__Recorded data__:
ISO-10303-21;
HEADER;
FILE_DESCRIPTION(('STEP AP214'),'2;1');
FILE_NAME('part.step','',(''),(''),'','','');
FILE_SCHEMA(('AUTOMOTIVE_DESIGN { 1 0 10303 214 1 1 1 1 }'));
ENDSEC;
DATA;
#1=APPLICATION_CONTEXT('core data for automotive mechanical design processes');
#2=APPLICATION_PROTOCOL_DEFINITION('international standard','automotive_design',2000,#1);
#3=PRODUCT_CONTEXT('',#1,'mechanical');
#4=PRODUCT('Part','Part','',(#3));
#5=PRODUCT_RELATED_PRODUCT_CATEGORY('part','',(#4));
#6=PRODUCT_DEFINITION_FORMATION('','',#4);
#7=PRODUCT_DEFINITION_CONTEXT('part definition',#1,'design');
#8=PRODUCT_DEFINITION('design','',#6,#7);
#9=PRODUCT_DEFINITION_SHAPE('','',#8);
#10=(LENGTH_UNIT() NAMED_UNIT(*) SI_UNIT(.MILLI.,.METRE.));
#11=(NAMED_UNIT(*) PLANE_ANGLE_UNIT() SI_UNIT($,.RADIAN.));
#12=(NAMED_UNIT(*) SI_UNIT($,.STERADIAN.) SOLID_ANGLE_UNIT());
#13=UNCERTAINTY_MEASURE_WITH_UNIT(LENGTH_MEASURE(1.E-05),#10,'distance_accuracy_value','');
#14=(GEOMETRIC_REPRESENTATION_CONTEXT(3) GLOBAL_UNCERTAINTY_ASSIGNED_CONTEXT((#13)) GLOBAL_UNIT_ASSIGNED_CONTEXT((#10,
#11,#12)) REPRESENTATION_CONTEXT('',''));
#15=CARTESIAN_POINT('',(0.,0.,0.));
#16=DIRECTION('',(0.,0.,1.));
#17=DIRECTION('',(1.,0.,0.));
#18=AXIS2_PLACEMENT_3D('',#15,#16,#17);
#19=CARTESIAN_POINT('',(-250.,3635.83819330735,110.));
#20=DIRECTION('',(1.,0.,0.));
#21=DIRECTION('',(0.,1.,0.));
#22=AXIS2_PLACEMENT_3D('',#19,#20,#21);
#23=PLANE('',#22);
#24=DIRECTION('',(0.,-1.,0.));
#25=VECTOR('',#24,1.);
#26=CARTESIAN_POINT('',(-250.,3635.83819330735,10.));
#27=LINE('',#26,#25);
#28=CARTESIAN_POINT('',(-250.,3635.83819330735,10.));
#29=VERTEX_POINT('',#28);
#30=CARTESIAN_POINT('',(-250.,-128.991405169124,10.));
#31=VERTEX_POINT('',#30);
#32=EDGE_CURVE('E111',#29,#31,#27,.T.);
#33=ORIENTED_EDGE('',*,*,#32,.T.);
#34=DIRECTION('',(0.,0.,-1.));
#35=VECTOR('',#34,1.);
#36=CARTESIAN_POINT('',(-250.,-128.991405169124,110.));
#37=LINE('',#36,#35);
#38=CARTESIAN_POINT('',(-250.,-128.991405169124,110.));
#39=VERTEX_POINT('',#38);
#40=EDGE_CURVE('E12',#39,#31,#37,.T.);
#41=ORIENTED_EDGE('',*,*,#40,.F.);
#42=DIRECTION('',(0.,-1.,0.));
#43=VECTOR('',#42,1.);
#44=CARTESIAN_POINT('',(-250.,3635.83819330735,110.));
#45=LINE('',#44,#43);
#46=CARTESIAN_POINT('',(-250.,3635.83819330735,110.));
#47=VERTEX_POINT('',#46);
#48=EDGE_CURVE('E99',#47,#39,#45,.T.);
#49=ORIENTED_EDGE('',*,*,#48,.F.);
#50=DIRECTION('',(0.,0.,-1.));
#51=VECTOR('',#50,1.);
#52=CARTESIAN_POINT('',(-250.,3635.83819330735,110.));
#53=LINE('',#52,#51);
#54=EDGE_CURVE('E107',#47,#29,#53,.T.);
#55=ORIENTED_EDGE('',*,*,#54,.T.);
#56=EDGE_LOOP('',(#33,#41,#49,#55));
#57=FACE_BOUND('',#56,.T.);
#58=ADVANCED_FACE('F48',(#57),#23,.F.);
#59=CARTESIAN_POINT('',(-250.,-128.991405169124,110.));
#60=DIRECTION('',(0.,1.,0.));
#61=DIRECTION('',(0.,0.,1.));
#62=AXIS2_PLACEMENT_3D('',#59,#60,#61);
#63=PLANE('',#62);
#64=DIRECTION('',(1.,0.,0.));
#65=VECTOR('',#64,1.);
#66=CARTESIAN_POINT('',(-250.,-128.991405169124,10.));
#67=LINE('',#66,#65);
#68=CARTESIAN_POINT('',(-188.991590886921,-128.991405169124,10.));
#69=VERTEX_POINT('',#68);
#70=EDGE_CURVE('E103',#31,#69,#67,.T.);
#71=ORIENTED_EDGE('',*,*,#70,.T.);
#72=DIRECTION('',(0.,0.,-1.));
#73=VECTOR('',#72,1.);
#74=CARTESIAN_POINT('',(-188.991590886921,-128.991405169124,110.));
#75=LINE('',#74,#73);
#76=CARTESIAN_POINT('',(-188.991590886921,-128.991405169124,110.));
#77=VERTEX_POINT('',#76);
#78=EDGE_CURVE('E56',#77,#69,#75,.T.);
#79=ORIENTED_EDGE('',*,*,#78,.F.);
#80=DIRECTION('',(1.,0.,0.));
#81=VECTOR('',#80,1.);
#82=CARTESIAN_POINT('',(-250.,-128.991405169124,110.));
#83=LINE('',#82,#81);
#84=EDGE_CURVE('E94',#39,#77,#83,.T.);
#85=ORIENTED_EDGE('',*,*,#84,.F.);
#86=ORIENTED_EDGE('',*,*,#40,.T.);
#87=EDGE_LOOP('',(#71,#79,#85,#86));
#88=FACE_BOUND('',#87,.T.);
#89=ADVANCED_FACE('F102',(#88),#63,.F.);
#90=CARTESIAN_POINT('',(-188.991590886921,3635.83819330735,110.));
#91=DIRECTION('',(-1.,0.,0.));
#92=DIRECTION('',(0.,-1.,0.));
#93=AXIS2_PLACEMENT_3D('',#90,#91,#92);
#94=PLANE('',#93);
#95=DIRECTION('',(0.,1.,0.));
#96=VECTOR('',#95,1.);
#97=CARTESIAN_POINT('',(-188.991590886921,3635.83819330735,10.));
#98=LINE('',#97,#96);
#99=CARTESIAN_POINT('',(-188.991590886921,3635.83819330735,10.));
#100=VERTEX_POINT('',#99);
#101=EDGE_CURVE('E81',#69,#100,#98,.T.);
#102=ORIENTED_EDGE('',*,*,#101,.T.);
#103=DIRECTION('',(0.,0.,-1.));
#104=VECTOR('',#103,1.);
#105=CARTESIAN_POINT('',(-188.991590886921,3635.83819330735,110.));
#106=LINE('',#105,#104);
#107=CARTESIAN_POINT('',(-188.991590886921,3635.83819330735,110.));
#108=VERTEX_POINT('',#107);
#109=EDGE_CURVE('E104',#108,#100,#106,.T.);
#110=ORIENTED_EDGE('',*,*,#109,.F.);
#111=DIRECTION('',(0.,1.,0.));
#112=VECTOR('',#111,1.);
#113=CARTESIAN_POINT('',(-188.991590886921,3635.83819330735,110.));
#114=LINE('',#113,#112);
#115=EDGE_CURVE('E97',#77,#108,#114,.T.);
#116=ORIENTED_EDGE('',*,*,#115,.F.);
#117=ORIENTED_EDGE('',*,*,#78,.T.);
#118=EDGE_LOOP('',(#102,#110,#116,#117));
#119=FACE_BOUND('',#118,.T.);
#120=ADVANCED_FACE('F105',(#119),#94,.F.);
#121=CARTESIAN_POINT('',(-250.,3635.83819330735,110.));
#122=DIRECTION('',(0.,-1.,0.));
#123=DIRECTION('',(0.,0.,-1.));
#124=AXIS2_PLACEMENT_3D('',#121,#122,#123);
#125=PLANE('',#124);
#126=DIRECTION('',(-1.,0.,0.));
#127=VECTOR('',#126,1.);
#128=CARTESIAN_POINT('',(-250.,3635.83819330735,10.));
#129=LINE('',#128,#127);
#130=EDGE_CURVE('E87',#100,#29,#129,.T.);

__Instructions to follow__: Set down, exactly as written, each line of the data from its opening line through the one containing "#1=APPLICATION_CONTEXT('core data for". Output nothing more.

__Answer below__:
ISO-10303-21;
HEADER;
FILE_DESCRIPTION(('STEP AP214'),'2;1');
FILE_NAME('part.step','',(''),(''),'','','');
FILE_SCHEMA(('AUTOMOTIVE_DESIGN { 1 0 10303 214 1 1 1 1 }'));
ENDSEC;
DATA;
#1=APPLICATION_CONTEXT('core data for automotive mechanical design processes');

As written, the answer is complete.